Clostridium difficile is a bacteria that can cause severe illness in humans. Uncontrolled proliferation of C. difficile is observed primarily in patients with significant disruptions to the intestinal microbiota due to long-term antibiotic therapy. Toxins produced by C. difficile cause diarrhea and severe inflammation and damage to the colonic mucosa, a condition known as pseudomembranous colitis. C. difficile infection has become increasingly common in recent years.

Treatment for C. difficile infection involves a course of antibiotics. Treating an illness caused by antibiotic use with antibiotics may not be the best solution, as the cause of C. difficile proliferation is significant disruption of the gut microbiota, and such treatment can only worsen the condition. Therefore, relapses of C. difficile infection are very common after treatment. The spread of antibiotic resistance among C. difficile strains adds to the problem.

In Norwich, Norfolk, UK, scientists are exploring the possibility of treating C. difficile infection with bacteriophages specific to the bacterium.
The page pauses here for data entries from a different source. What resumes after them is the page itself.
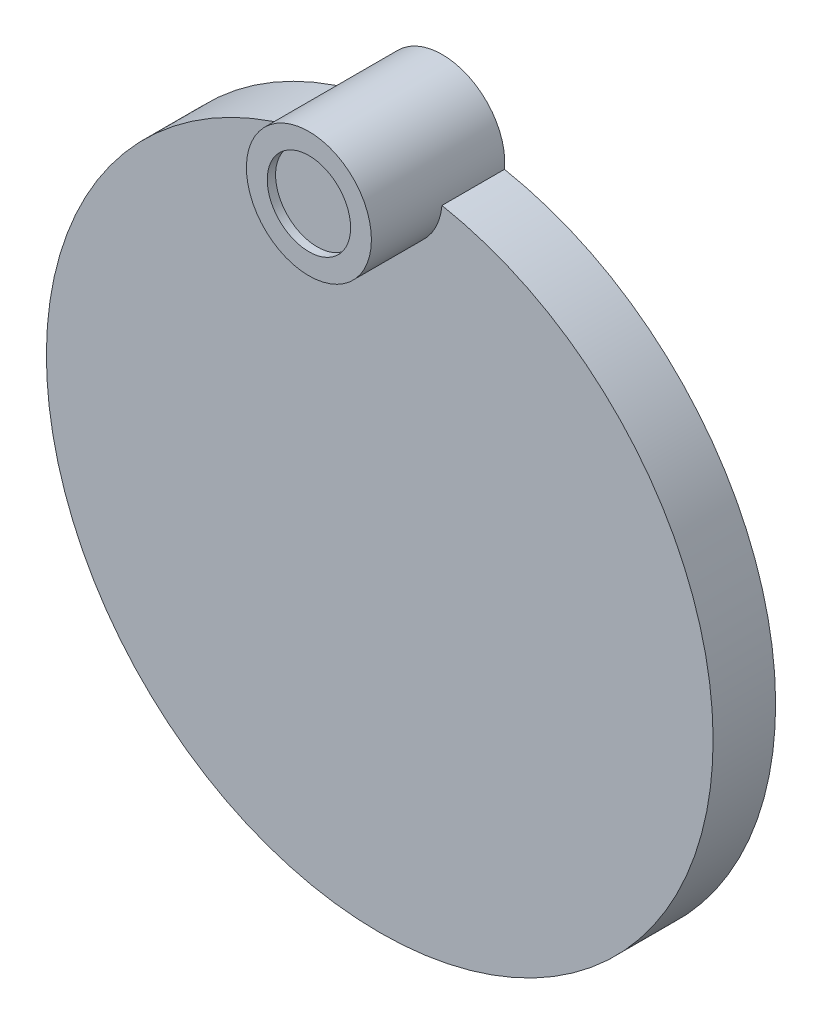
ISO-10303-21;
HEADER;
FILE_DESCRIPTION(('STEP AP214'),'2;1');
FILE_NAME('part.step','',(''),(''),'','','');
FILE_SCHEMA(('AUTOMOTIVE_DESIGN { 1 0 10303 214 1 1 1 1 }'));
ENDSEC;
DATA;
#1=APPLICATION_CONTEXT('core data for automotive mechanical design processes');
#2=APPLICATION_PROTOCOL_DEFINITION('international standard','automotive_design',2000,#1);
#3=PRODUCT_CONTEXT('',#1,'mechanical');
#4=PRODUCT('Part','Part','',(#3));
#5=PRODUCT_RELATED_PRODUCT_CATEGORY('part','',(#4));
#6=PRODUCT_DEFINITION_FORMATION('','',#4);
#7=PRODUCT_DEFINITION_CONTEXT('part definition',#1,'design');
#8=PRODUCT_DEFINITION('design','',#6,#7);
#9=PRODUCT_DEFINITION_SHAPE('','',#8);
#10=(LENGTH_UNIT() NAMED_UNIT(*) SI_UNIT(.MILLI.,.METRE.));
#11=(NAMED_UNIT(*) PLANE_ANGLE_UNIT() SI_UNIT($,.RADIAN.));
#12=(NAMED_UNIT(*) SI_UNIT($,.STERADIAN.) SOLID_ANGLE_UNIT());
#13=UNCERTAINTY_MEASURE_WITH_UNIT(LENGTH_MEASURE(1.E-05),#10,'distance_accuracy_value','');
#14=(GEOMETRIC_REPRESENTATION_CONTEXT(3) GLOBAL_UNCERTAINTY_ASSIGNED_CONTEXT((#13)) GLOBAL_UNIT_ASSIGNED_CONTEXT((#10,
#11,#12)) REPRESENTATION_CONTEXT('',''));
#15=CARTESIAN_POINT('',(0.,0.,0.));
#16=DIRECTION('',(0.,0.,1.));
#17=DIRECTION('',(1.,0.,0.));
#18=AXIS2_PLACEMENT_3D('',#15,#16,#17);
#19=CARTESIAN_POINT('',(0.,-80.,15.));
#20=DIRECTION('',(0.,0.,-1.));
#21=DIRECTION('',(-1.,0.,0.));
#22=AXIS2_PLACEMENT_3D('',#19,#20,#21);
#23=CYLINDRICAL_SURFACE('',#22,80.);
#24=CARTESIAN_POINT('',(0.,-80.,0.));
#25=DIRECTION('',(0.,0.,1.));
#26=DIRECTION('',(1.,0.,0.));
#27=AXIS2_PLACEMENT_3D('',#24,#25,#26);
#28=CIRCLE('',#27,80.);
#29=CARTESIAN_POINT('',(-14.9339365519444,-1.40625,0.));
#30=VERTEX_POINT('',#29);
#31=CARTESIAN_POINT('',(14.9339365519444,-1.40625000000001,0.));
#32=VERTEX_POINT('',#31);
#33=EDGE_CURVE('E74',#30,#32,#28,.T.);
#34=ORIENTED_EDGE('',*,*,#33,.T.);
#35=DIRECTION('',(0.,0.,-1.));
#36=VECTOR('',#35,1.);
#37=CARTESIAN_POINT('',(14.9339365519444,-1.40625000000001,15.));
#38=LINE('',#37,#36);
#39=CARTESIAN_POINT('',(14.9339365519444,-1.40625000000001,15.));
#40=VERTEX_POINT('',#39);
#41=EDGE_CURVE('E11',#40,#32,#38,.T.);
#42=ORIENTED_EDGE('',*,*,#41,.F.);
#43=CARTESIAN_POINT('',(0.,-80.,15.));
#44=DIRECTION('',(0.,0.,1.));
#45=DIRECTION('',(1.,0.,0.));
#46=AXIS2_PLACEMENT_3D('',#43,#44,#45);
#47=CIRCLE('',#46,80.);
#48=CARTESIAN_POINT('',(-14.9339365519444,-1.40625000000001,15.));
#49=VERTEX_POINT('',#48);
#50=EDGE_CURVE('E48',#49,#40,#47,.T.);
#51=ORIENTED_EDGE('',*,*,#50,.F.);
#52=DIRECTION('',(0.,0.,-1.));
#53=VECTOR('',#52,1.);
#54=CARTESIAN_POINT('',(-14.9339365519444,-1.40625,15.));
#55=LINE('',#54,#53);
#56=EDGE_CURVE('E42',#49,#30,#55,.T.);
#57=ORIENTED_EDGE('',*,*,#56,.T.);
#58=EDGE_LOOP('',(#34,#42,#51,#57));
#59=FACE_BOUND('',#58,.T.);
#60=ADVANCED_FACE('F33',(#59),#23,.T.);
#61=CARTESIAN_POINT('',(0.,0.,15.));
#62=DIRECTION('',(0.,0.,-1.));
#63=DIRECTION('',(-1.,0.,0.));
#64=AXIS2_PLACEMENT_3D('',#61,#62,#63);
#65=CYLINDRICAL_SURFACE('',#64,15.);
#66=CARTESIAN_POINT('',(0.,0.,0.));
#67=DIRECTION('',(0.,0.,1.));
#68=DIRECTION('',(1.,0.,0.));
#69=AXIS2_PLACEMENT_3D('',#66,#67,#68);
#70=CIRCLE('',#69,15.);
#71=EDGE_CURVE('E57',#32,#30,#70,.T.);
#72=ORIENTED_EDGE('',*,*,#71,.T.);
#73=ORIENTED_EDGE('',*,*,#56,.F.);
#74=CARTESIAN_POINT('',(0.,0.,15.));
#75=DIRECTION('',(0.,0.,1.));
#76=DIRECTION('',(1.,0.,0.));
#77=AXIS2_PLACEMENT_3D('',#74,#75,#76);
#78=CIRCLE('',#77,15.);
#79=EDGE_CURVE('E67',#49,#40,#78,.T.);
#80=ORIENTED_EDGE('',*,*,#79,.T.);
#81=ORIENTED_EDGE('',*,*,#41,.T.);
#82=EDGE_LOOP('',(#72,#73,#80,#81));
#83=FACE_BOUND('',#82,.T.);
#84=CARTESIAN_POINT('',(0.,0.,32.));
#85=DIRECTION('',(0.,0.,1.));
#86=DIRECTION('',(1.,0.,0.));
#87=AXIS2_PLACEMENT_3D('',#84,#85,#86);
#88=CIRCLE('',#87,15.);
#89=CARTESIAN_POINT('',(15.,0.,32.));
#90=VERTEX_POINT('',#89);
#91=EDGE_CURVE('E70',#90,#90,#88,.T.);
#92=ORIENTED_EDGE('',*,*,#91,.F.);
#93=EDGE_LOOP('',(#92));
#94=FACE_BOUND('',#93,.T.);
#95=ADVANCED_FACE('F65',(#83,#94),#65,.T.);
#96=CARTESIAN_POINT('',(0.,0.,15.));
#97=DIRECTION('',(0.,0.,1.));
#98=DIRECTION('',(1.,0.,0.));
#99=AXIS2_PLACEMENT_3D('',#96,#97,#98);
#100=PLANE('',#99);
#101=ORIENTED_EDGE('',*,*,#79,.F.);
#102=ORIENTED_EDGE('',*,*,#50,.T.);
#103=EDGE_LOOP('',(#101,#102));
#104=FACE_BOUND('',#103,.T.);
#105=ADVANCED_FACE('F69',(#104),#100,.T.);
#106=CARTESIAN_POINT('',(0.,0.,0.));
#107=DIRECTION('',(0.,0.,1.));
#108=DIRECTION('',(1.,0.,0.));
#109=AXIS2_PLACEMENT_3D('',#106,#107,#108);
#110=PLANE('',#109);
#111=ORIENTED_EDGE('',*,*,#33,.F.);
#112=ORIENTED_EDGE('',*,*,#71,.F.);
#113=EDGE_LOOP('',(#111,#112));
#114=FACE_BOUND('',#113,.T.);
#115=ADVANCED_FACE('F88',(#114),#110,.F.);
#116=CARTESIAN_POINT('',(0.,0.,32.));
#117=DIRECTION('',(0.,0.,1.));
#118=DIRECTION('',(1.,0.,0.));
#119=AXIS2_PLACEMENT_3D('',#116,#117,#118);
#120=PLANE('',#119);
#121=CARTESIAN_POINT('',(0.,0.,32.));
#122=DIRECTION('',(0.,0.,1.));
#123=DIRECTION('',(1.,0.,0.));
#124=AXIS2_PLACEMENT_3D('',#121,#122,#123);
#125=CIRCLE('',#124,10.);
#126=CARTESIAN_POINT('',(10.,0.,32.));
#127=VERTEX_POINT('',#126);
#128=EDGE_CURVE('E77',#127,#127,#125,.T.);
#129=ORIENTED_EDGE('',*,*,#128,.F.);
#130=EDGE_LOOP('',(#129));
#131=FACE_BOUND('',#130,.T.);
#132=ORIENTED_EDGE('',*,*,#91,.T.);
#133=EDGE_LOOP('',(#132));
#134=FACE_BOUND('',#133,.T.);
#135=ADVANCED_FACE('F90',(#131,#134),#120,.T.);
#136=CARTESIAN_POINT('',(0.,0.,30.));
#137=DIRECTION('',(0.,0.,1.));
#138=DIRECTION('',(1.,0.,0.));
#139=AXIS2_PLACEMENT_3D('',#136,#137,#138);
#140=CYLINDRICAL_SURFACE('',#139,10.);
#141=CARTESIAN_POINT('',(0.,0.,30.));
#142=DIRECTION('',(0.,0.,1.));
#143=DIRECTION('',(1.,0.,0.));
#144=AXIS2_PLACEMENT_3D('',#141,#142,#143);
#145=CIRCLE('',#144,10.);
#146=CARTESIAN_POINT('',(10.,0.,30.));
#147=VERTEX_POINT('',#146);
#148=EDGE_CURVE('E71',#147,#147,#145,.T.);
#149=ORIENTED_EDGE('',*,*,#148,.F.);
#150=EDGE_LOOP('',(#149));
#151=FACE_BOUND('',#150,.T.);
#152=ORIENTED_EDGE('',*,*,#128,.T.);
#153=EDGE_LOOP('',(#152));
#154=FACE_BOUND('',#153,.T.);
#155=ADVANCED_FACE('F97',(#151,#154),#140,.F.);
#156=CARTESIAN_POINT('',(0.,0.,30.));
#157=DIRECTION('',(0.,0.,1.));
#158=DIRECTION('',(1.,0.,0.));
#159=AXIS2_PLACEMENT_3D('',#156,#157,#158);
#160=PLANE('',#159);
#161=ORIENTED_EDGE('',*,*,#148,.T.);
#162=EDGE_LOOP('',(#161));
#163=FACE_BOUND('',#162,.T.);
#164=ADVANCED_FACE('F117',(#163),#160,.T.);
#165=CLOSED_SHELL('',(#60,#95,#105,#115,#135,#155,#164));
#166=MANIFOLD_SOLID_BREP('B2',#165);
#167=ADVANCED_BREP_SHAPE_REPRESENTATION('',(#18,#166),#14);
#168=SHAPE_DEFINITION_REPRESENTATION(#9,#167);
ENDSEC;
END-ISO-10303-21;

They screened 27 strains of C. difficile and discovered a previously undescribed bacteriophage, dubbed ΦCD27 (phiCD27). Its genome exhibited sufficient distinctiveness for members of the International Committee on Taxonomy of Viruses (ICTV) to confirm that it represents a new group (genus) of phages. The new genus of bacteriophages was named Colneyvirus, after the street in Norwich on which the Institute of Food Research, where the new virus was discovered, is located. Since then, four more species of Colneyvirus have been discovered, and the ICTV has officially recognized the new genus of bacteriophages, Colneyvirus.

Phages replicate, using the bacteria's synthetic systems and resources to create new viral particles. Once the particles are ready, specialized phage enzymes—endolysins—break down the bacterial wall, and the phages are released.

Researchers identified the endolysin gene in the phiCD27 colivirus genome and inserted it into the E. coli genome to produce a pure protein. The enzyme, synthesized in this "microbiological factory," was found to be active against 30 different strains of C. difficile , including the currently common hypervirulent ones.

Importantly, these endolysins kill only C. difficile . This means, unlike antibiotics, they do not affect other bacterial species that inhabit the human colon and are part of its normal microbiota.

However, to destroy C. difficile, endolysins (common proteins easily destroyed in the gastrointestinal tract) must be delivered to the large intestine. To this end, scientists inserted the endolysin gene into lactobacilli, which easily reach the lower intestine, replicate, and begin synthesizing the necessary protein. Experiments are ongoing, but the scientists hope that their proposed approaches will help combat C. difficile infection* .

* Mayer MJ, Narbad A, Gasson MJ. Molecular characterization of a Clostridium difficile bacteriophage and its cloned biologically active endolysin. J Bacteriol. 2008; 190 (20): 6734-40. doi:10.1128/JB.00686-08.